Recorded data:
= = = =
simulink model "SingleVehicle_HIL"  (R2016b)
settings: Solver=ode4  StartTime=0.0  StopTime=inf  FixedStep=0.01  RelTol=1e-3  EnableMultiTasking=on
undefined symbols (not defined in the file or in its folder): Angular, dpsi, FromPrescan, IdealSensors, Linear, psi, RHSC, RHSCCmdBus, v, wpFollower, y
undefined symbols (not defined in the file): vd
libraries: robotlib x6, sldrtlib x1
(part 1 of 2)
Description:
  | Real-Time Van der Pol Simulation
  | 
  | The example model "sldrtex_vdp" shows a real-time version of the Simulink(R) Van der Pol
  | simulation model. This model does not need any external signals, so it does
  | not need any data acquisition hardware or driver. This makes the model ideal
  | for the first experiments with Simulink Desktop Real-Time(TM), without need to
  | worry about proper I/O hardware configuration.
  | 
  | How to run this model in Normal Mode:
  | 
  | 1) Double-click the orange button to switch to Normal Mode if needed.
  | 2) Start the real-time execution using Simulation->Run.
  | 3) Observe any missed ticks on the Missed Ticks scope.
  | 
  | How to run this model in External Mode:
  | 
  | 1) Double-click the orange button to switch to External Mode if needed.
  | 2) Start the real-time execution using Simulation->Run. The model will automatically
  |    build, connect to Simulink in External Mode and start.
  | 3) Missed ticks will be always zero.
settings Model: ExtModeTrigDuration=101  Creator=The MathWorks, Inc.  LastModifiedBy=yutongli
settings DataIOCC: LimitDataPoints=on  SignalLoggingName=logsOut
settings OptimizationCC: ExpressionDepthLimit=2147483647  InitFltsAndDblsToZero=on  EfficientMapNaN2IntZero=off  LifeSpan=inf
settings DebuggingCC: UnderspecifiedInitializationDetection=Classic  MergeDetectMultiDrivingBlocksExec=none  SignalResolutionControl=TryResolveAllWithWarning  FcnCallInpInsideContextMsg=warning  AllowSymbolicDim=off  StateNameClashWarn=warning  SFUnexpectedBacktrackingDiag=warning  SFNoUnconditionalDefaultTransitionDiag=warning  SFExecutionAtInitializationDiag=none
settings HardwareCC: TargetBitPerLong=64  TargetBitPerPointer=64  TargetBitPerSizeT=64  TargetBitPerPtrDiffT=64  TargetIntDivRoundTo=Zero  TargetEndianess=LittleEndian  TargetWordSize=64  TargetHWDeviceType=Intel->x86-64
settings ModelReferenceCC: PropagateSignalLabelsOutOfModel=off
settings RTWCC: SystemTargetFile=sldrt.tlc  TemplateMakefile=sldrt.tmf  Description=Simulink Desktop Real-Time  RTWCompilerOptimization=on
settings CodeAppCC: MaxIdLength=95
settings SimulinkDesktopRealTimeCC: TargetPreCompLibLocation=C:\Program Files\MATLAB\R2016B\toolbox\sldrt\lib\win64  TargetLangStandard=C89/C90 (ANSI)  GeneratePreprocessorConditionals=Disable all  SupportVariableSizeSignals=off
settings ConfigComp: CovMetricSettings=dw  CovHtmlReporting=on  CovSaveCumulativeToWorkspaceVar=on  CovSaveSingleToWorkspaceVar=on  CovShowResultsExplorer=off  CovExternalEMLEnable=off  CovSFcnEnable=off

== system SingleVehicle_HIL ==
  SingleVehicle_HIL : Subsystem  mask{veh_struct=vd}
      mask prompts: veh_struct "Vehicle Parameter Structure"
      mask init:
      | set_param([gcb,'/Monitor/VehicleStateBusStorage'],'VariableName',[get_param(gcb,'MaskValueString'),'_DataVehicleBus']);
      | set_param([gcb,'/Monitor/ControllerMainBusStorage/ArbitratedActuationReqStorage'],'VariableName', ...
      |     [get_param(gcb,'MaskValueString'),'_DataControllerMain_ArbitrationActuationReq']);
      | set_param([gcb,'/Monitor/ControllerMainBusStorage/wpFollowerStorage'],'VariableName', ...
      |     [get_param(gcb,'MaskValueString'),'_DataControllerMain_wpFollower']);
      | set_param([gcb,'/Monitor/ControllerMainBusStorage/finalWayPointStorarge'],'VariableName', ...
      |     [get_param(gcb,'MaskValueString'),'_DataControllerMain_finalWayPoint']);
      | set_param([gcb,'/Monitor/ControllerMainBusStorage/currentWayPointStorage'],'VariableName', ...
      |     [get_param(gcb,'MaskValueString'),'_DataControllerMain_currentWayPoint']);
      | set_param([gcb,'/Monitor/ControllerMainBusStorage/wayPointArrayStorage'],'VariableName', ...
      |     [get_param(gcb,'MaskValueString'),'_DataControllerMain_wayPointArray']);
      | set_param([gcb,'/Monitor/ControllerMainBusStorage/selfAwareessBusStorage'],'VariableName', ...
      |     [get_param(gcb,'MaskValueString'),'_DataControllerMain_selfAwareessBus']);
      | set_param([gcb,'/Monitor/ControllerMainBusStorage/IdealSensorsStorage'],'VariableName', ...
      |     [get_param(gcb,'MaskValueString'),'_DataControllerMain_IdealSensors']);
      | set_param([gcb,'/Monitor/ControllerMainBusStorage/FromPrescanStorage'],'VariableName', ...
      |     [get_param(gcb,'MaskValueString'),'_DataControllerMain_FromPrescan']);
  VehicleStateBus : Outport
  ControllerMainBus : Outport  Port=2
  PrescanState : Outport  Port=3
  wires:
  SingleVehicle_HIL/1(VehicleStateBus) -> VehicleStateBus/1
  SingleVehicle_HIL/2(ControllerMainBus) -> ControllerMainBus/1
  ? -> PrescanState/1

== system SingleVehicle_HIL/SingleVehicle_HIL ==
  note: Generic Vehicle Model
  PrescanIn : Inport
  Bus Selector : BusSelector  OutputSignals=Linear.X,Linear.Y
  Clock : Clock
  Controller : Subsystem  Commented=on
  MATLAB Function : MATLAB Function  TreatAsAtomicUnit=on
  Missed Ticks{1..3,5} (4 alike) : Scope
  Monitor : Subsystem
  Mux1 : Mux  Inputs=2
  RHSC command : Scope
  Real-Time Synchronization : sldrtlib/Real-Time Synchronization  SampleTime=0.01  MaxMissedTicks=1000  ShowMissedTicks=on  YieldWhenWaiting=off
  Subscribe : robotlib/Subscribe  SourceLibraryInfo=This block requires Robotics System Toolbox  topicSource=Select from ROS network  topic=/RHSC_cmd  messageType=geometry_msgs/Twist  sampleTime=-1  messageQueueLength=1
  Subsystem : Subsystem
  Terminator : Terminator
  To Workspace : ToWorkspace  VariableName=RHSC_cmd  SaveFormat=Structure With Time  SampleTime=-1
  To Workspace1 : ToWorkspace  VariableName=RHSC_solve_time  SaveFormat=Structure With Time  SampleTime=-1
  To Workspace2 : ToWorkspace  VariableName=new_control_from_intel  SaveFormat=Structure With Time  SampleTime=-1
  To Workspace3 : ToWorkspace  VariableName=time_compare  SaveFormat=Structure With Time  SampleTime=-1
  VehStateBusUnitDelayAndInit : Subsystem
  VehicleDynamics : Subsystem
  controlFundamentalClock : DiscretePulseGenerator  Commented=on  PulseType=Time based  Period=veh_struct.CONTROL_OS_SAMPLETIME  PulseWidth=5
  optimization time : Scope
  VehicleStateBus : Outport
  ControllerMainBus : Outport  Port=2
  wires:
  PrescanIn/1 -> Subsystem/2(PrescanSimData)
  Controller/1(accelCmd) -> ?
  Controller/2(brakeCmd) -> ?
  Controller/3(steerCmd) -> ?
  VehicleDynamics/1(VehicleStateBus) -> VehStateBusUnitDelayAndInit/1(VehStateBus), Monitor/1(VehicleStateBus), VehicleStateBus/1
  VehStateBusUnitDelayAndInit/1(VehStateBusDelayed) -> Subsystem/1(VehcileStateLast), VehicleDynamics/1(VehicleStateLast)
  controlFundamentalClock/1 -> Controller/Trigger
= = = =
- _TASK ITEM_: Show, from the records above, every line that includes "Double".

- _TASK OUTPUT_:
  | 1) Double-click the orange button to switch to Normal Mode if needed.
  | 1) Double-click the orange button to switch to External Mode if needed.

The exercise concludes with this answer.